Deficiency in Mitochondrial Aldehyde Dehydrogenase Increases the Risk for Late-Onset Alzheimer's Disease in the Japanese Population

Abstract

Mitochondrial aldehyde dehydrogenase 2 (ALDH2) deficiency is caused by a mutant allele in the Mongoloids. To examine whether genetic constitutions affecting aldehyde metabolism influence the risk for late-onset Alzheimer's disease (LOAD), we performed a case–control study in the Japanese population on the deficiency in ALDH2 caused by the dominant-negative mutant allele of the ALDH2 gene (ALDH2*2). In a comparison of 447 patients with sex, age, and region matched nondemented controls, the genotype frequency carrying the ALDH2*2 allele was significantly higher in the patients than in the controls (48.1% vs 37.4%, P = 0.001).

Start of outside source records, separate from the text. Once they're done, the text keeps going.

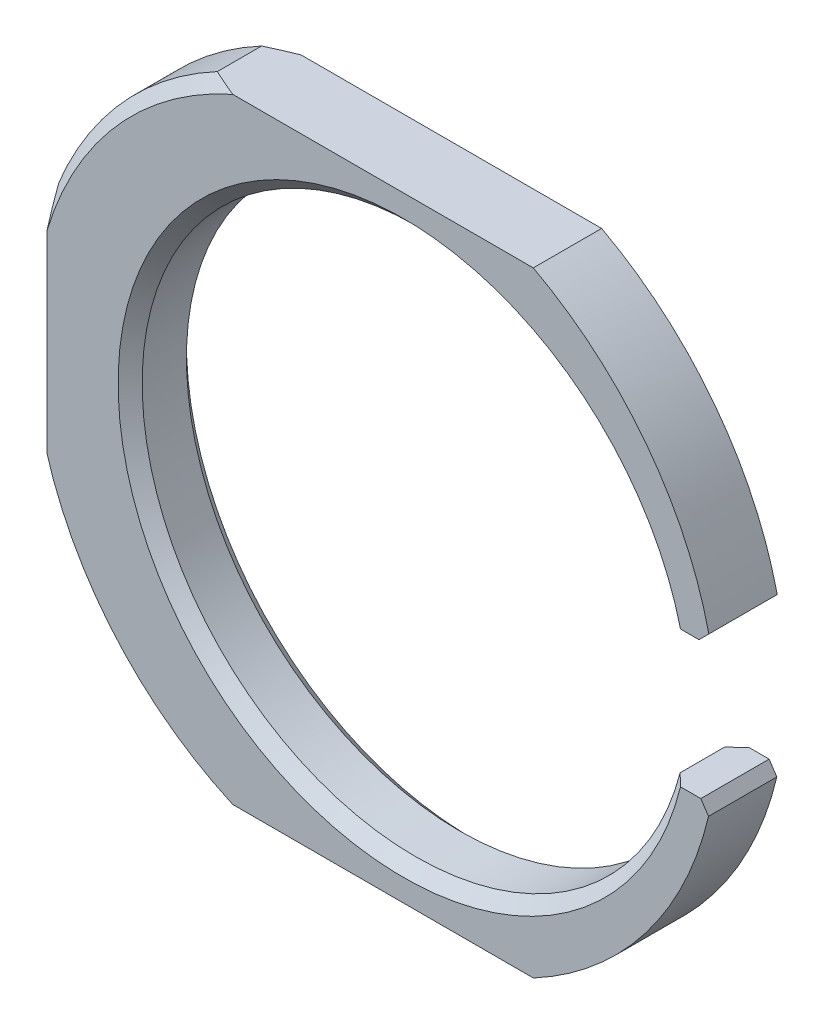
ISO-10303-21;
HEADER;
FILE_DESCRIPTION(('STEP AP214'),'2;1');
FILE_NAME('part.step','',(''),(''),'','','');
FILE_SCHEMA(('AUTOMOTIVE_DESIGN { 1 0 10303 214 1 1 1 1 }'));
ENDSEC;
DATA;
#1=APPLICATION_CONTEXT('core data for automotive mechanical design processes');
#2=APPLICATION_PROTOCOL_DEFINITION('international standard','automotive_design',2000,#1);
#3=PRODUCT_CONTEXT('',#1,'mechanical');
#4=PRODUCT('Part','Part','',(#3));
#5=PRODUCT_RELATED_PRODUCT_CATEGORY('part','',(#4));
#6=PRODUCT_DEFINITION_FORMATION('','',#4);
#7=PRODUCT_DEFINITION_CONTEXT('part definition',#1,'design');
#8=PRODUCT_DEFINITION('design','',#6,#7);
#9=PRODUCT_DEFINITION_SHAPE('','',#8);
#10=(LENGTH_UNIT() NAMED_UNIT(*) SI_UNIT(.MILLI.,.METRE.));
#11=(NAMED_UNIT(*) PLANE_ANGLE_UNIT() SI_UNIT($,.RADIAN.));
#12=(NAMED_UNIT(*) SI_UNIT($,.STERADIAN.) SOLID_ANGLE_UNIT());
#13=UNCERTAINTY_MEASURE_WITH_UNIT(LENGTH_MEASURE(1.E-05),#10,'distance_accuracy_value','');
#14=(GEOMETRIC_REPRESENTATION_CONTEXT(3) GLOBAL_UNCERTAINTY_ASSIGNED_CONTEXT((#13)) GLOBAL_UNIT_ASSIGNED_CONTEXT((#10,
#11,#12)) REPRESENTATION_CONTEXT('',''));
#15=CARTESIAN_POINT('',(0.,0.,0.));
#16=DIRECTION('',(0.,0.,1.));
#17=DIRECTION('',(1.,0.,0.));
#18=AXIS2_PLACEMENT_3D('',#15,#16,#17);
#19=CARTESIAN_POINT('',(7.62,14.2875,3.175));
#20=DIRECTION('',(0.,-1.,0.));
#21=DIRECTION('',(0.,0.,-1.));
#22=AXIS2_PLACEMENT_3D('',#19,#20,#21);
#23=PLANE('',#22);
#24=DIRECTION('',(-1.,0.,0.));
#25=VECTOR('',#24,1.);
#26=CARTESIAN_POINT('',(7.62,14.2875,0.));
#27=LINE('',#26,#25);
#28=CARTESIAN_POINT('',(7.62,14.2875,0.));
#29=VERTEX_POINT('',#28);
#30=CARTESIAN_POINT('',(-6.34664631439312,14.2875,0.));
#31=VERTEX_POINT('',#30);
#32=EDGE_CURVE('E190',#29,#31,#27,.T.);
#33=ORIENTED_EDGE('',*,*,#32,.T.);
#34=CARTESIAN_POINT('',(-6.34664631439313,14.2875,0.));
#35=CARTESIAN_POINT('',(-6.45404104298012,14.2875,0.0435982299034301));
#36=CARTESIAN_POINT('',(-6.56111289626262,14.2875,0.087988948330012));
#37=CARTESIAN_POINT('',(-6.77459834155767,14.2875,0.178272735871204));
#38=CARTESIAN_POINT('',(-6.88101205076103,14.2875,0.224165527796904));
#39=CARTESIAN_POINT('',(-7.09320699370116,14.2875,0.31738640247918));
#40=CARTESIAN_POINT('',(-7.19898823406698,14.2875,0.364714470160571));
#41=CARTESIAN_POINT('',(-7.40994842174969,14.2875,0.460745408772582));
#42=CARTESIAN_POINT('',(-7.51512725495978,14.2875,0.509448530437032));
#43=CARTESIAN_POINT('',(-7.62000000000002,14.2875,0.558799999999944));
#44=B_SPLINE_CURVE_WITH_KNOTS('',3,(#34,#35,#36,#37,#38,#39,#40,#41,#42,#43),.UNSPECIFIED.,.F.,
.F.,(4,2,2,2,4),(0.,0.347716312491453,0.695368816103363,1.04301766946793,1.39073032947845),.UNSPECIFIED.);
#45=CARTESIAN_POINT('',(-7.62,14.2875,0.558800000000005));
#46=VERTEX_POINT('',#45);
#47=EDGE_CURVE('E308',#31,#46,#44,.T.);
#48=ORIENTED_EDGE('',*,*,#47,.T.);
#49=DIRECTION('',(0.,0.,-1.));
#50=VECTOR('',#49,1.);
#51=CARTESIAN_POINT('',(-7.62,14.2875,3.175));
#52=LINE('',#51,#50);
#53=CARTESIAN_POINT('',(-7.62,14.2875,2.61619999999999));
#54=VERTEX_POINT('',#53);
#55=EDGE_CURVE('E222',#54,#46,#52,.T.);
#56=ORIENTED_EDGE('',*,*,#55,.F.);
#57=CARTESIAN_POINT('',(-7.62,14.2875,2.61619999999999));
#58=CARTESIAN_POINT('',(-7.51512725495977,14.2875,2.66555146956294));
#59=CARTESIAN_POINT('',(-7.40994842174969,14.2875,2.71425459122741));
#60=CARTESIAN_POINT('',(-7.19898823406699,14.2875,2.81028552983943));
#61=CARTESIAN_POINT('',(-7.09320699370117,14.2875,2.85761359752082));
#62=CARTESIAN_POINT('',(-6.88101205076104,14.2875,2.95083447220309));
#63=CARTESIAN_POINT('',(-6.77459834155767,14.2875,2.9967272641288));
#64=CARTESIAN_POINT('',(-6.56111289626263,14.2875,3.08701105166999));
#65=CARTESIAN_POINT('',(-6.45404104298013,14.2875,3.13140177009657));
#66=CARTESIAN_POINT('',(-6.34664631439313,14.2875,3.175));
#67=B_SPLINE_CURVE_WITH_KNOTS('',3,(#57,#58,#59,#60,#61,#62,#63,#64,#65,#66),.UNSPECIFIED.,.F.,
.F.,(4,2,2,2,4),(0.,0.347712660010522,0.695361513375088,1.043014016987,1.39073032947845),.UNSPECIFIED.);
#68=CARTESIAN_POINT('',(-6.34664631439313,14.2875,3.175));
#69=VERTEX_POINT('',#68);
#70=EDGE_CURVE('E302',#54,#69,#67,.T.);
#71=ORIENTED_EDGE('',*,*,#70,.T.);
#72=DIRECTION('',(-1.,0.,0.));
#73=VECTOR('',#72,1.);
#74=CARTESIAN_POINT('',(7.62,14.2875,3.175));
#75=LINE('',#74,#73);
#76=CARTESIAN_POINT('',(7.62,14.2875,3.175));
#77=VERTEX_POINT('',#76);
#78=EDGE_CURVE('E207',#77,#69,#75,.T.);
#79=ORIENTED_EDGE('',*,*,#78,.F.);
#80=DIRECTION('',(0.,0.,-1.));
#81=VECTOR('',#80,1.);
#82=CARTESIAN_POINT('',(7.62,14.2875,3.175));
#83=LINE('',#82,#81);
#84=EDGE_CURVE('E189',#77,#29,#83,.T.);
#85=ORIENTED_EDGE('',*,*,#84,.T.);
#86=EDGE_LOOP('',(#33,#48,#56,#71,#79,#85));
#87=FACE_BOUND('',#86,.T.);
#88=ADVANCED_FACE('F33',(#87),#23,.F.);
#89=CARTESIAN_POINT('',(0.,0.,3.175));
#90=DIRECTION('',(0.,0.,-1.));
#91=DIRECTION('',(-1.,0.,0.));
#92=AXIS2_PLACEMENT_3D('',#89,#90,#91);
#93=CYLINDRICAL_SURFACE('',#92,16.1925);
#94=ORIENTED_EDGE('',*,*,#55,.T.);
#95=CARTESIAN_POINT('',(0.,0.,0.558800000000005));
#96=DIRECTION('',(0.,0.,1.));
#97=DIRECTION('',(1.,0.,0.));
#98=AXIS2_PLACEMENT_3D('',#95,#96,#97);
#99=CIRCLE('',#98,16.1925);
#100=CARTESIAN_POINT('',(-14.986,6.13325853441709,0.558800000000005));
#101=VERTEX_POINT('',#100);
#102=EDGE_CURVE('E410',#46,#101,#99,.T.);
#103=ORIENTED_EDGE('',*,*,#102,.T.);
#104=DIRECTION('',(0.,0.,-1.));
#105=VECTOR('',#104,1.);
#106=CARTESIAN_POINT('',(-14.986,6.13325853441709,3.175));
#107=LINE('',#106,#105);
#108=CARTESIAN_POINT('',(-14.986,6.13325853441709,2.61619999999999));
#109=VERTEX_POINT('',#108);
#110=EDGE_CURVE('E219',#109,#101,#107,.T.);
#111=ORIENTED_EDGE('',*,*,#110,.F.);
#112=CARTESIAN_POINT('',(0.,0.,2.61619999999999));
#113=DIRECTION('',(0.,0.,1.));
#114=DIRECTION('',(1.,0.,0.));
#115=AXIS2_PLACEMENT_3D('',#112,#113,#114);
#116=CIRCLE('',#115,16.1925);
#117=EDGE_CURVE('E413',#109,#54,#116,.F.);
#118=ORIENTED_EDGE('',*,*,#117,.T.);
#119=EDGE_LOOP('',(#94,#103,#111,#118));
#120=FACE_BOUND('',#119,.T.);
#121=ADVANCED_FACE('F260',(#120),#93,.T.);
#122=CARTESIAN_POINT('',(-14.986,6.13325853441708,3.175));
#123=DIRECTION('',(1.,0.,0.));
#124=DIRECTION('',(0.,0.,-1.));
#125=AXIS2_PLACEMENT_3D('',#122,#123,#124);
#126=PLANE('',#125);
#127=DIRECTION('',(0.,-1.,0.));
#128=VECTOR('',#127,1.);
#129=CARTESIAN_POINT('',(-14.986,6.13325853441708,0.));
#130=LINE('',#129,#128);
#131=CARTESIAN_POINT('',(-14.986,4.45335600306105,0.));
#132=VERTEX_POINT('',#131);
#133=CARTESIAN_POINT('',(-14.986,-4.45335600306103,0.));
#134=VERTEX_POINT('',#133);
#135=EDGE_CURVE('E193',#132,#134,#130,.T.);
#136=ORIENTED_EDGE('',*,*,#135,.T.);
#137=CARTESIAN_POINT('',(-14.986,-4.45335600306103,0.));
#138=CARTESIAN_POINT('',(-14.986,-4.59532339639313,0.0404398765741876));
#139=CARTESIAN_POINT('',(-14.986,-4.73681905004097,0.0825230687504273));
#140=CARTESIAN_POINT('',(-14.986,-5.01878121089509,0.16979330733088));
#141=CARTESIAN_POINT('',(-14.986,-5.15924814970773,0.214978958425647));
#142=CARTESIAN_POINT('',(-14.986,-5.4391904429487,0.308306542242773));
#143=CARTESIAN_POINT('',(-14.986,-5.57866582336938,0.356448397151095));
#144=CARTESIAN_POINT('',(-14.986,-5.85668176785979,0.455552446877674));
#145=CARTESIAN_POINT('',(-14.986,-5.99522188616804,0.506515892847684));
#146=CARTESIAN_POINT('',(-14.986,-6.13325853441708,0.558800000000006));
#147=B_SPLINE_CURVE_WITH_KNOTS('',3,(#137,#138,#139,#140,#141,#142,#143,#144,#145,#146),
.UNSPECIFIED.,.F.,.F.,(4,2,2,2,4),(0.,0.442829437828835,0.885461004480531,1.32808092504822,
1.77089870930894),.UNSPECIFIED.);
#148=CARTESIAN_POINT('',(-14.986,-6.13325853441708,0.558800000000005));
#149=VERTEX_POINT('',#148);
#150=EDGE_CURVE('E284',#134,#149,#147,.T.);
#151=ORIENTED_EDGE('',*,*,#150,.T.);
#152=DIRECTION('',(0.,0.,-1.));
#153=VECTOR('',#152,1.);
#154=CARTESIAN_POINT('',(-14.986,-6.13325853441708,3.175));
#155=LINE('',#154,#153);
#156=CARTESIAN_POINT('',(-14.986,-6.13325853441708,2.61619999999998));
#157=VERTEX_POINT('',#156);
#158=EDGE_CURVE('E216',#157,#149,#155,.T.);
#159=ORIENTED_EDGE('',*,*,#158,.F.);
#160=CARTESIAN_POINT('',(-14.986,-6.13325853441708,2.61619999999998));
#161=CARTESIAN_POINT('',(-14.986,-5.99522188616804,2.6684841071523));
#162=CARTESIAN_POINT('',(-14.986,-5.85668176785979,2.71944755312232));
#163=CARTESIAN_POINT('',(-14.986,-5.57866582336937,2.8185516028489));
#164=CARTESIAN_POINT('',(-14.986,-5.43919044294869,2.86669345775722));
#165=CARTESIAN_POINT('',(-14.986,-5.15924814970771,2.96002104157435));
#166=CARTESIAN_POINT('',(-14.986,-5.01878121089507,3.00520669266911));
#167=CARTESIAN_POINT('',(-14.986,-4.73681905004096,3.09247693124957));
#168=CARTESIAN_POINT('',(-14.986,-4.59532339639311,3.13456012342581));
#169=CARTESIAN_POINT('',(-14.986,-4.45335600306101,3.175));
#170=B_SPLINE_CURVE_WITH_KNOTS('',3,(#160,#161,#162,#163,#164,#165,#166,#167,#168,#169),
.UNSPECIFIED.,.F.,.F.,(4,2,2,2,4),(0.,0.442817784260725,0.885437704828423,1.32806927148013,
1.77089870930897),.UNSPECIFIED.);
#171=CARTESIAN_POINT('',(-14.986,-4.453356003061,3.175));
#172=VERTEX_POINT('',#171);
#173=EDGE_CURVE('E280',#157,#172,#170,.T.);
#174=ORIENTED_EDGE('',*,*,#173,.T.);
#175=DIRECTION('',(0.,-1.,0.));
#176=VECTOR('',#175,1.);
#177=CARTESIAN_POINT('',(-14.986,6.13325853441708,3.175));
#178=LINE('',#177,#176);
#179=CARTESIAN_POINT('',(-14.986,4.45335600306105,3.175));
#180=VERTEX_POINT('',#179);
#181=EDGE_CURVE('E167',#180,#172,#178,.T.);
#182=ORIENTED_EDGE('',*,*,#181,.F.);
#183=CARTESIAN_POINT('',(-14.986,4.45335600306105,3.175));
#184=CARTESIAN_POINT('',(-14.986,4.59532339639316,3.13456012342581));
#185=CARTESIAN_POINT('',(-14.986,4.73681905004099,3.09247693124957));
#186=CARTESIAN_POINT('',(-14.986,5.0187812108951,3.00520669266912));
#187=CARTESIAN_POINT('',(-14.986,5.15924814970774,2.96002104157435));
#188=CARTESIAN_POINT('',(-14.986,5.43919044294871,2.86669345775722));
#189=CARTESIAN_POINT('',(-14.986,5.57866582336939,2.8185516028489));
#190=CARTESIAN_POINT('',(-14.986,5.8566817678598,2.71944755312232));
#191=CARTESIAN_POINT('',(-14.986,5.99522188616805,2.66848410715231));
#192=CARTESIAN_POINT('',(-14.986,6.13325853441709,2.61619999999999));
#193=B_SPLINE_CURVE_WITH_KNOTS('',3,(#183,#184,#185,#186,#187,#188,#189,#190,#191,#192),
.UNSPECIFIED.,.F.,.F.,(4,2,2,2,4),(0.,0.442829437828829,0.88546100448052,1.32808092504821,
1.77089870930892),.UNSPECIFIED.);
#194=EDGE_CURVE('E266',#180,#109,#193,.T.);
#195=ORIENTED_EDGE('',*,*,#194,.T.);
#196=ORIENTED_EDGE('',*,*,#110,.T.);
#197=CARTESIAN_POINT('',(-14.986,6.13325853441709,0.558800000000005));
#198=CARTESIAN_POINT('',(-14.986,5.99522188616805,0.506515892847682));
#199=CARTESIAN_POINT('',(-14.986,5.8566817678598,0.455552446877673));
#200=CARTESIAN_POINT('',(-14.986,5.57866582336939,0.356448397151096));
#201=CARTESIAN_POINT('',(-14.986,5.4391904429487,0.308306542242776));
#202=CARTESIAN_POINT('',(-14.986,5.15924814970773,0.21497895842565));
#203=CARTESIAN_POINT('',(-14.986,5.0187812108951,0.169793307330881));
#204=CARTESIAN_POINT('',(-14.986,4.73681905004099,0.0825230687504263));
#205=CARTESIAN_POINT('',(-14.986,4.59532339639315,0.0404398765741859));
#206=CARTESIAN_POINT('',(-14.986,4.45335600306104,0.));
#207=B_SPLINE_CURVE_WITH_KNOTS('',3,(#197,#198,#199,#200,#201,#202,#203,#204,#205,#206),
.UNSPECIFIED.,.F.,.F.,(4,2,2,2,4),(0.,0.442817784260716,0.885437704828405,1.3280692714801,
1.77089870930893),.UNSPECIFIED.);
#208=EDGE_CURVE('E275',#101,#132,#207,.T.);
#209=ORIENTED_EDGE('',*,*,#208,.T.);
#210=EDGE_LOOP('',(#136,#151,#159,#174,#182,#195,#196,#209));
#211=FACE_BOUND('',#210,.T.);
#212=ADVANCED_FACE('F255',(#211),#126,.F.);
#213=CARTESIAN_POINT('',(0.,0.,3.175));
#214=DIRECTION('',(0.,0.,-1.));
#215=DIRECTION('',(-1.,0.,0.));
#216=AXIS2_PLACEMENT_3D('',#213,#214,#215);
#217=CYLINDRICAL_SURFACE('',#216,16.1925);
#218=ORIENTED_EDGE('',*,*,#158,.T.);
#219=CARTESIAN_POINT('',(0.,0.,0.558800000000005));
#220=DIRECTION('',(0.,0.,1.));
#221=DIRECTION('',(1.,0.,0.));
#222=AXIS2_PLACEMENT_3D('',#219,#220,#221);
#223=CIRCLE('',#222,16.1925);
#224=CARTESIAN_POINT('',(-7.62,-14.2875,0.558800000000005));
#225=VERTEX_POINT('',#224);
#226=EDGE_CURVE('E227',#149,#225,#223,.T.);
#227=ORIENTED_EDGE('',*,*,#226,.T.);
#228=DIRECTION('',(0.,0.,-1.));
#229=VECTOR('',#228,1.);
#230=CARTESIAN_POINT('',(-7.62,-14.2875,3.175));
#231=LINE('',#230,#229);
#232=CARTESIAN_POINT('',(-7.62,-14.2875,2.61619999999998));
#233=VERTEX_POINT('',#232);
#234=EDGE_CURVE('E176',#233,#225,#231,.T.);
#235=ORIENTED_EDGE('',*,*,#234,.F.);
#236=CARTESIAN_POINT('',(0.,0.,2.61619999999998));
#237=DIRECTION('',(0.,0.,1.));
#238=DIRECTION('',(1.,0.,0.));
#239=AXIS2_PLACEMENT_3D('',#236,#237,#238);
#240=CIRCLE('',#239,16.1925);
#241=EDGE_CURVE('E225',#233,#157,#240,.F.);
#242=ORIENTED_EDGE('',*,*,#241,.T.);
#243=EDGE_LOOP('',(#218,#227,#235,#242));
#244=FACE_BOUND('',#243,.T.);
#245=ADVANCED_FACE('F250',(#244),#217,.T.);
#246=CARTESIAN_POINT('',(-7.61999999999999,-14.2875,3.175));
#247=DIRECTION('',(0.,1.,0.));
#248=DIRECTION('',(0.,0.,1.));
#249=AXIS2_PLACEMENT_3D('',#246,#247,#248);
#250=PLANE('',#249);
#251=ORIENTED_EDGE('',*,*,#234,.T.);
#252=CARTESIAN_POINT('',(-7.62,-14.2875,0.558800000000005));
#253=CARTESIAN_POINT('',(-7.51512725495977,-14.2875,0.509448530437058));
#254=CARTESIAN_POINT('',(-7.40994842174969,-14.2875,0.460745408772591));
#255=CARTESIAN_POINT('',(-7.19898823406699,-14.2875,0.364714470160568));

Logistic regression analysis indicates that carriage of the ALDH2*2 allele is an independent risk for LOAD of the ϵ4 allele of the apolipoprotein E gene (APOE-ϵ4) (P = 0.002). Moreover, the odds ratio for LOAD in carriers of the ALDH2*2 allele was almost twice that in noncarriers, irrespective of status with regard to the APOE-ϵ4 allele. Among patients homozygous for the APOE-ϵ4 allele, age at onset of LOAD was significantly lower in those with than without the ALDH2*2 allele. In addition, dosage of the ALDH2*2 allele significantly affected age at onset of patients homozygous for the APOE-ϵ4 allele. These results indicate that the ALDH2 deficiency is a risk for LOAD, synergistically acting with the APOE-ϵ4 allele.